First, let us run this p-filter procedure on our i.i.d. p-values.

# Inputs
fdr_overall = 0.2; fdr_gr = 0.3

# Levels of FDR control
alphas = c(fdr_overall, fdr_gr)

# Specify groups
groups = cbind(1:length(Pvec_iid), 
               c(1,2,3,4,1,2,3,4,1,2,3,4,1,2,3,4,1,2,3,4))

# Find discoveries
Discoveries1_iid = pfilter(Pvec_iid,alphas,groups)

# Print
Discoveries1_iid

We can see that the discoveries in the iid case are concentrated in the later time periods, but do accurately correspond with signals and nulls. An issue here is that the earlier signals are not identified. This is because the earlier e-values have not yet “exploded.”

# Inputs
fdr_overall = 0.2; fdr_gr = 0.3

# Levels of FDR control
alphas = c(fdr_overall, fdr_gr)

# Specify groups
groups = cbind(1:length(Pvec_dep), 
               c(1,2,3,4,1,2,3,4,1,2,3,4,1,2,3,4,1,2,3,4))

# Find discoveries
Discoveries1_dep = pfilter(Pvec_dep,alphas,groups)

# Print
Discoveries1_dep

In the Pvec_dep case, we see that we have no discoveries at the specified levels of alpha. As we saw before, this is because (i) the p-values are already very high and (ii) the additional layer of FDR control (group-specific and overall) takes its toll. Alternatively, we could adjust our alpha values. However, it is also important to note that our simulation sample is very small and therefore the sequential dependence relationship has little room to “unfold”. In a real-world scenario, the sequential dependence relationship would likely become more pronounced over more time periods.
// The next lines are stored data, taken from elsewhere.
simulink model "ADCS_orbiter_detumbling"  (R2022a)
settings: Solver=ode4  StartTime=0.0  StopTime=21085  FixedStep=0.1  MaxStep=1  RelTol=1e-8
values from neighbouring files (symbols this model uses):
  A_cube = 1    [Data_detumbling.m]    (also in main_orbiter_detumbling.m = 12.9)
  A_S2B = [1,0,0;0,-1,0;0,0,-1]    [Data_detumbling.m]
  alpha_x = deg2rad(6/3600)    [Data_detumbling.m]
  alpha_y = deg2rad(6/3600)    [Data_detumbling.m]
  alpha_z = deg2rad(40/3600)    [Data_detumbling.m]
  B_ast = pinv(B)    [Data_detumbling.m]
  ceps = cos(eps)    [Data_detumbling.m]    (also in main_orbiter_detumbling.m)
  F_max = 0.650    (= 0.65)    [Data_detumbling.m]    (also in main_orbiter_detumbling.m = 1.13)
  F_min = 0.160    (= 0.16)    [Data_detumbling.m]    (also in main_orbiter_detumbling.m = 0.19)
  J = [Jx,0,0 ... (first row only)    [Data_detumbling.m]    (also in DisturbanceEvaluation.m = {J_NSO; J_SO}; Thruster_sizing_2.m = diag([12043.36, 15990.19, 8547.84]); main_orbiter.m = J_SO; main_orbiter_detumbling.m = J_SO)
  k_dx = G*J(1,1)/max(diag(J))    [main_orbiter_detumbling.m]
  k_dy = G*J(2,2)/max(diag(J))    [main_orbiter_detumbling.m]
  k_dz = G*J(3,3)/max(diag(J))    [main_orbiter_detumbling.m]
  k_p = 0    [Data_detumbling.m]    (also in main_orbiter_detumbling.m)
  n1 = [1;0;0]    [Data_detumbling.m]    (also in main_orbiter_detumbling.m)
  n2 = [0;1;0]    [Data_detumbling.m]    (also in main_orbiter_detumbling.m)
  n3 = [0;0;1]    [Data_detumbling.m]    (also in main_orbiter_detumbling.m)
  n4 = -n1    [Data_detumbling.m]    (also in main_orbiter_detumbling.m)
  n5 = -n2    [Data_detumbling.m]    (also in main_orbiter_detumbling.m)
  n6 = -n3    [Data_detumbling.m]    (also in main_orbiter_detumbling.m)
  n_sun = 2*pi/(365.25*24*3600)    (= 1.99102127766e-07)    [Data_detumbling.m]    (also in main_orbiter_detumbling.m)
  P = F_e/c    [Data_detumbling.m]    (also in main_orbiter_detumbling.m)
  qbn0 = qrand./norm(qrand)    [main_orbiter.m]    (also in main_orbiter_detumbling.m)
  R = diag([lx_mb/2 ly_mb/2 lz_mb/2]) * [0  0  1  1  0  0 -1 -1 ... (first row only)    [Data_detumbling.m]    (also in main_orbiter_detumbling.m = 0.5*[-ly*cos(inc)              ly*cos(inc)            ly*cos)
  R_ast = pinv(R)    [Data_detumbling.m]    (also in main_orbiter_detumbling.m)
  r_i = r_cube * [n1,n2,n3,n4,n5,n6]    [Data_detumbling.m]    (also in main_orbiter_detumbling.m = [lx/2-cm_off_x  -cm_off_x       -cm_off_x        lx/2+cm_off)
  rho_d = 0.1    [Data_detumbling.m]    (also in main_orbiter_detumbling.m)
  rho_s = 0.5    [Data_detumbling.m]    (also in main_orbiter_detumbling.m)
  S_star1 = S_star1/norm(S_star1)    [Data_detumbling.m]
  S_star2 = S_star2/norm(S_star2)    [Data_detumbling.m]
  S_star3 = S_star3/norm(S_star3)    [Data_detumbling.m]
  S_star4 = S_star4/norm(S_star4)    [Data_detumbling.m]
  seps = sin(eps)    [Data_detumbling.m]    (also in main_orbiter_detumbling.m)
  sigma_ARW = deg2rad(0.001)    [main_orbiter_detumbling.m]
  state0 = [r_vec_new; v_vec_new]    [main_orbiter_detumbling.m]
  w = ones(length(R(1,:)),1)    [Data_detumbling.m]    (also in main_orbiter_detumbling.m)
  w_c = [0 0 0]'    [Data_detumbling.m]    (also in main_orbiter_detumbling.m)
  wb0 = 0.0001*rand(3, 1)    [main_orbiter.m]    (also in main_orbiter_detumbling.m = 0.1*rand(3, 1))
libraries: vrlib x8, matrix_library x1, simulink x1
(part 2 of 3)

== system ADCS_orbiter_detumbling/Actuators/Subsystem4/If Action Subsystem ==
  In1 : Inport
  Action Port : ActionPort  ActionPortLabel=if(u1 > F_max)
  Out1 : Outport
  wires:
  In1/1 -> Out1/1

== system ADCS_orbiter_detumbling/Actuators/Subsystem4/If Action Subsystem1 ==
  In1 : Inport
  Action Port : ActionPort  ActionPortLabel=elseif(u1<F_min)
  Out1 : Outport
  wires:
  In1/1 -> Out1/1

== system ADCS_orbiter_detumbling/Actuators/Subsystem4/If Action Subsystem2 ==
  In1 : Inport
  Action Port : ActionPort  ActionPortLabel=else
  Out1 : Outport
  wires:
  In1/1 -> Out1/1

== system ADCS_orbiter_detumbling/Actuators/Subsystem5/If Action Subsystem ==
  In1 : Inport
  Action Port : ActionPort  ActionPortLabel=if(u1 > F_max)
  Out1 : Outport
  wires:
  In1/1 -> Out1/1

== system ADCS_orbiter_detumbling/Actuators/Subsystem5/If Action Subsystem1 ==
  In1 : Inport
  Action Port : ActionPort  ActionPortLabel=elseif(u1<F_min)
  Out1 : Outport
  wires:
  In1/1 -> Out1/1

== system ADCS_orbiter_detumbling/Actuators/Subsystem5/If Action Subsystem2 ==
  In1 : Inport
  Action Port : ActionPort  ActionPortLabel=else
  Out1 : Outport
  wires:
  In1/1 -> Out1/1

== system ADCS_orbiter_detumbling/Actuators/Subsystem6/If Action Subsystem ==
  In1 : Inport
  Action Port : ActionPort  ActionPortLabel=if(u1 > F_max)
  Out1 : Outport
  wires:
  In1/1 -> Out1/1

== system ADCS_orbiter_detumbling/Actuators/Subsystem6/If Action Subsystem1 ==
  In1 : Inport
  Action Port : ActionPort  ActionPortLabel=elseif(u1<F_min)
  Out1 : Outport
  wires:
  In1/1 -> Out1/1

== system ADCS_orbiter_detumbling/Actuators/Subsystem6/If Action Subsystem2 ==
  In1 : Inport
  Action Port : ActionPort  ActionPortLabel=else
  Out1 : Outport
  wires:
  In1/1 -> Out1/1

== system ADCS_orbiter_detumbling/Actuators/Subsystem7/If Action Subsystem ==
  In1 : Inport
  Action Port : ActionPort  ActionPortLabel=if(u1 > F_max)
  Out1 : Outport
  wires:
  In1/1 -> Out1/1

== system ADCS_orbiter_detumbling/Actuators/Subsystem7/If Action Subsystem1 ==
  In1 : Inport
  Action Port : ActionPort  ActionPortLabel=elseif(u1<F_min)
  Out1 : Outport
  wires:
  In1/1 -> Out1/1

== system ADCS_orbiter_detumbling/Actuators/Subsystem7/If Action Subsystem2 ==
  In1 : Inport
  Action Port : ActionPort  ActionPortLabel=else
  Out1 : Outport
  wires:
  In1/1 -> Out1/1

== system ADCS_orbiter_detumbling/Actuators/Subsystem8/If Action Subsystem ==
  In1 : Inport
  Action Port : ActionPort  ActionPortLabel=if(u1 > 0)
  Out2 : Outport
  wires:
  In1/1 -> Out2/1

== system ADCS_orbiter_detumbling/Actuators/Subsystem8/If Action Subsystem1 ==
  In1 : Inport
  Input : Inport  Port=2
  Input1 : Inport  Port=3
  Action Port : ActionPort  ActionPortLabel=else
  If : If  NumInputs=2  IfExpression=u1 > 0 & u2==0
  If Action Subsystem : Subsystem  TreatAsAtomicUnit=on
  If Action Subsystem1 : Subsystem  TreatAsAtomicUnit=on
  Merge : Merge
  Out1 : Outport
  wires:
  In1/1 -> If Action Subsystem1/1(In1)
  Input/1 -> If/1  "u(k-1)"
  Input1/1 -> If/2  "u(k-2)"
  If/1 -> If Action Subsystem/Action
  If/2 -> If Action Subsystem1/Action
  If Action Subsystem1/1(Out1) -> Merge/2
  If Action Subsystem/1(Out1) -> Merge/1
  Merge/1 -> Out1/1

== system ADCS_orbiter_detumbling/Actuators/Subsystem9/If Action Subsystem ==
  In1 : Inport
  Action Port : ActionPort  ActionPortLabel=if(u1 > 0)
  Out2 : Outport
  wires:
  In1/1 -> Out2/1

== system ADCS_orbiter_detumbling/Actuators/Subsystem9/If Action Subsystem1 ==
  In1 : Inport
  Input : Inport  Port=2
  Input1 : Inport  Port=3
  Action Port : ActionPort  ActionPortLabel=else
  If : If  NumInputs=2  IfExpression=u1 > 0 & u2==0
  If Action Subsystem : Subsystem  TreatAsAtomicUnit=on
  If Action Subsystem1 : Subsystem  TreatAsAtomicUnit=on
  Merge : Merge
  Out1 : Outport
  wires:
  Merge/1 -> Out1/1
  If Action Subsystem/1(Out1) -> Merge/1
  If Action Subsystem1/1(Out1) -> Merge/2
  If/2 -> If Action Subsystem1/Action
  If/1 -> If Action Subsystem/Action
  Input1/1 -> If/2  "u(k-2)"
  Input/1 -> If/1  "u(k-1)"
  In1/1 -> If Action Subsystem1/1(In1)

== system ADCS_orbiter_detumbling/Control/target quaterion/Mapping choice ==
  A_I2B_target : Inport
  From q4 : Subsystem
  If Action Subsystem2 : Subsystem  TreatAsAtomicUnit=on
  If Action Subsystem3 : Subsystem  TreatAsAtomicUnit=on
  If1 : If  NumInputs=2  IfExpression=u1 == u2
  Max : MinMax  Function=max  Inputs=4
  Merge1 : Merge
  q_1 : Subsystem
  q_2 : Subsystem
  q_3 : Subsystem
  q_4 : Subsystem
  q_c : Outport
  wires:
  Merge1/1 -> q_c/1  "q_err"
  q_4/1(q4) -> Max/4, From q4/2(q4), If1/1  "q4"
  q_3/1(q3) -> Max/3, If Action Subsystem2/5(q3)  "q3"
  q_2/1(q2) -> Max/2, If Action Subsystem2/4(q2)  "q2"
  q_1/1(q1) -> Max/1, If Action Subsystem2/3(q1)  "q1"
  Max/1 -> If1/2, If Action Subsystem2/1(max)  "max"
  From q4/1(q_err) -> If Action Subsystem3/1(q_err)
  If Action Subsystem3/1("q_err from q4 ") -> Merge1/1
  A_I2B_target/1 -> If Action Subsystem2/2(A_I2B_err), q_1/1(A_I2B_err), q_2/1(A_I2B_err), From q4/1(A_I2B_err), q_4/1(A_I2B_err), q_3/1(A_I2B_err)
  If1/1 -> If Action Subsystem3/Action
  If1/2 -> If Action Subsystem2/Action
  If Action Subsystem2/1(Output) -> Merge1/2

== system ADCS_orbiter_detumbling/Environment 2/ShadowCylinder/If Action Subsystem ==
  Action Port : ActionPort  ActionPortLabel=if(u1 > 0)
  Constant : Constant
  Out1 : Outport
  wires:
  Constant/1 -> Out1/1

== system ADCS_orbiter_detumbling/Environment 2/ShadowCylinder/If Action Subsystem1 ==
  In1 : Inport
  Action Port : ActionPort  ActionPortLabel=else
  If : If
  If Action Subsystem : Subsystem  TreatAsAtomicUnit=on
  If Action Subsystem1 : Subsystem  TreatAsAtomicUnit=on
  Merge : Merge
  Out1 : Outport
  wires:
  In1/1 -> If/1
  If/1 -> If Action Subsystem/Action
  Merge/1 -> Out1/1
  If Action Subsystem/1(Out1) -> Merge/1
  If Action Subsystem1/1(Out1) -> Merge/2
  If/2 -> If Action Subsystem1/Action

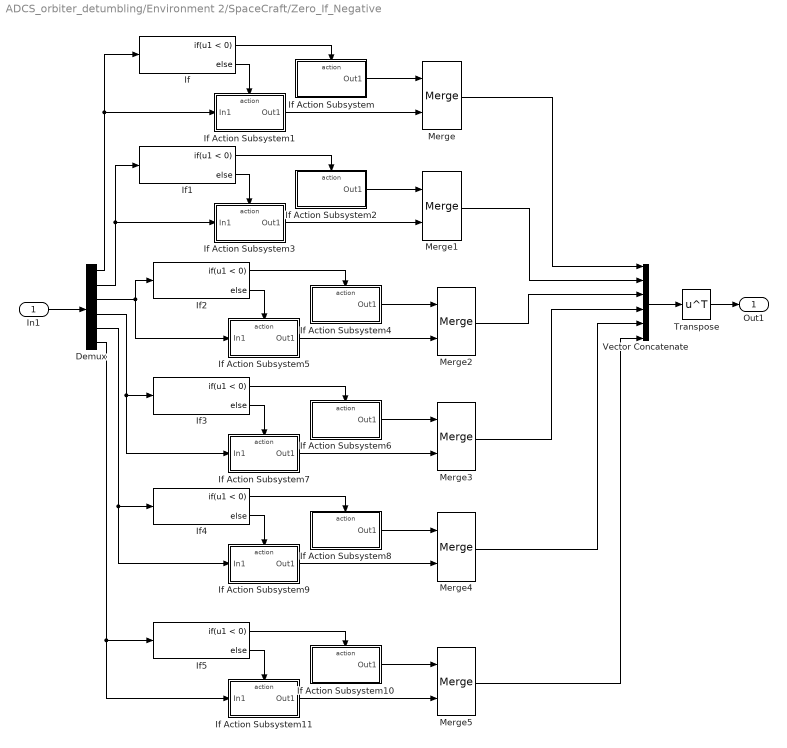
== system ADCS_orbiter_detumbling/Environment 2/SpaceCraft/Zero_If_Negative ==
  In1 : Inport
  Demux : Demux  Outputs=6
  If{,1..5} (6 alike) : If  IfExpression=u1 < 0
  If Action Subsystem : Subsystem  TreatAsAtomicUnit=on
  If Action Subsystem1 : Subsystem  TreatAsAtomicUnit=on
  If Action Subsystem10 : Subsystem  TreatAsAtomicUnit=on
  If Action Subsystem11 : Subsystem  TreatAsAtomicUnit=on
  If Action Subsystem2 : Subsystem  TreatAsAtomicUnit=on
  If Action Subsystem3 : Subsystem  TreatAsAtomicUnit=on
  If Action Subsystem4 : Subsystem  TreatAsAtomicUnit=on
  If Action Subsystem5 : Subsystem  TreatAsAtomicUnit=on
  If Action Subsystem6 : Subsystem  TreatAsAtomicUnit=on
  If Action Subsystem7 : Subsystem  TreatAsAtomicUnit=on
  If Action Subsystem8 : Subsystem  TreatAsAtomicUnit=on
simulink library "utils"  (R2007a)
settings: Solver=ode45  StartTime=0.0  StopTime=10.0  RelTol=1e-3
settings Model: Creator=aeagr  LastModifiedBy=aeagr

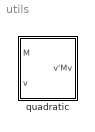
== system utils ==
  quadratic : Subsystem  mask(Quadratic){}

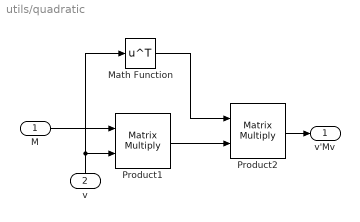
== system utils/quadratic ==
  M : Inport
  v : Inport  Port=2
  Math Function : Math  Operator=transpose  SaturateOnIntegerOverflow=on
  Product1 : Product  Multiplication=Matrix(*)  RndMeth=Zero
  Product2 : Product  Multiplication=Matrix(*)  RndMeth=Zero
  v'Mv : Outport
  wires:
  Product1/1 -> Product2/2
  Math Function/1 -> Product2/1
  v/1 -> Math Function/1, Product1/2
  M/1 -> Product1/1
  Product2/1 -> v'Mv/1

All in all, this simulation is an example of how difficult it is to conduct valid inference under dependence. P-values come with a precise probabilistic meaning, but fail under dependence. E-values are heavily context-dependent and can be harmful in the wrong application, but allow for flexibility under dependence. Future research in the replicability and use of of e-values under dependence sounds very intriguing to us after conducting this project.